Lastly, the defendant complains "that the State . . . compounded the error by making repeated reference to the letters during closing argument and discussing [them] as evidence of gang action and other crimes." In view of our above findings, we determine that the State could properly mention the content of these letters in closing to argue the inference of guilt, presence of motive, etc. However, even if some of the prosecution's comments had been improper, the defendant raised no contemporaneous objection at any time during closing. We, therefore, find that this portion of the issue has been waived. See Tenn.R.App.P. 36(a);see also State v. Little, 854 S.W.2d 643, 651 (Tenn.Crim.App. 1992).
In sum, we find none of the defendant's contentions relative to the admission of the letters worthy of relief. This issue, thus, lacks merit.
Improper Closing Argument
Through his final complaint the defendant avers that the prosecution improperly commented in closing on a witness mentioned by the defense in its opening statement but not called during trial. The defendant's attack is somewhat unclear but appears to be that the State "essentially shift[ed] the burden" of proof to the defendant. To bolster this claim, the defense cites cases concerning comments on a defendant's choice not to testify and cases regarding a party's mention of "an absent witness."

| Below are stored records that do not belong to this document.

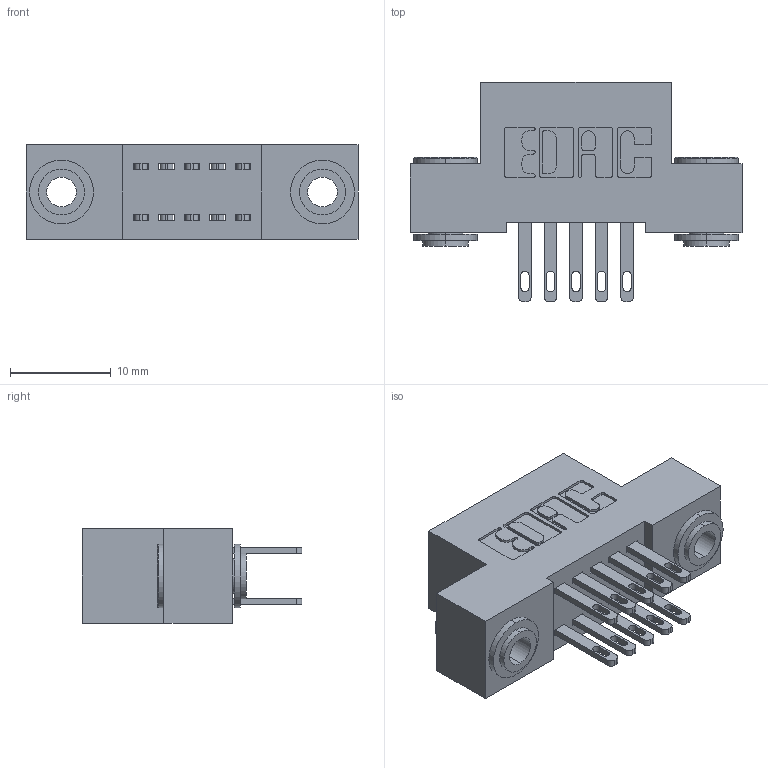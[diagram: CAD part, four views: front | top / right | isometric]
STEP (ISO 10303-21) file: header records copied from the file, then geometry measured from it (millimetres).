
FILE_DESCRIPTION (( 'STEP AP203' ), '1' );
FILE_NAME ('892-010-500-203.STEP', '2020-09-21T12:50:33', ( '' ), ( '' ), 'SwSTEP 2.0', 'SolidWorks 2020', '' );
FILE_SCHEMA (( 'CONFIG_CONTROL_DESIGN' ));
Length unit declared in the file: inch
Products named in the file (4): 892-010-500-203; 345-292-001_345-293-100; 842 Part_.156 TH; 342-250-002_345-250-002-102
Assembly tree (13 placements, depth 2):
  892-010-500-203
    842 Part_.156 TH
    345-292-001_345-293-100  x10
    342-250-002_345-250-002-102  x2
Bounding box: 33.02 x 21.85 x 9.4 mm (x, y, z)
Volume: 2845.1 mm3; surface area: 4029.2 mm2
Topology: 13 solids, 13 shells, 628 faces, 1845 edges, 1226 vertices
Faces by surface type: plane 376, cylinder 244, cone 8
Entity records: 8450 total; most frequent: CARTESIAN_POINT 1417, ORIENTED_EDGE 1346, DIRECTION 1311, EDGE_CURVE 673, LINE 517, VECTOR 517, VERTEX_POINT 446, AXIS2_PLACEMENT_3D 397

Factually, the record discloses that the defense announced the following during its opening statement: "Now, you will hear testimony, I believe, from Tiffany White and Lori Smith . . . . Lori Smith will testify, I believe, that several people were armed and several fired weapons." In response on closing, the prosecution stated as follows:
The judge is going to instruct you in a few minutes what the law is in this case. You've heard the evidence from the witness stand. The evidence is what and who you heard from. Evidence is not who didn't testify. . . . Mr. Nance got up and said the proof is going to show you that at least one of the witnesses identified four people with guns. Everybody had guns. I don't think we heard that. You're the triers of fact but I don't think any witnesses got on the stand and said that. I think he said that Ms. Lori Smith was going to say that. I don't think she testified. But you use your own memories.
During its second closing argument, the State added:
And, you know, opening statements are where you stand up and you say, ["L]adies and gentlemen, we expect the proof the show this["] and you go through it. But you better make sure what you say is going to happen or it's going to come back to haunt you. Isn't it? If I got up and said it and it didn't happen, [the defense attorneys] would be the first one[s] ringing the bell. ["The prosecutor] promised you this. Where was it?["]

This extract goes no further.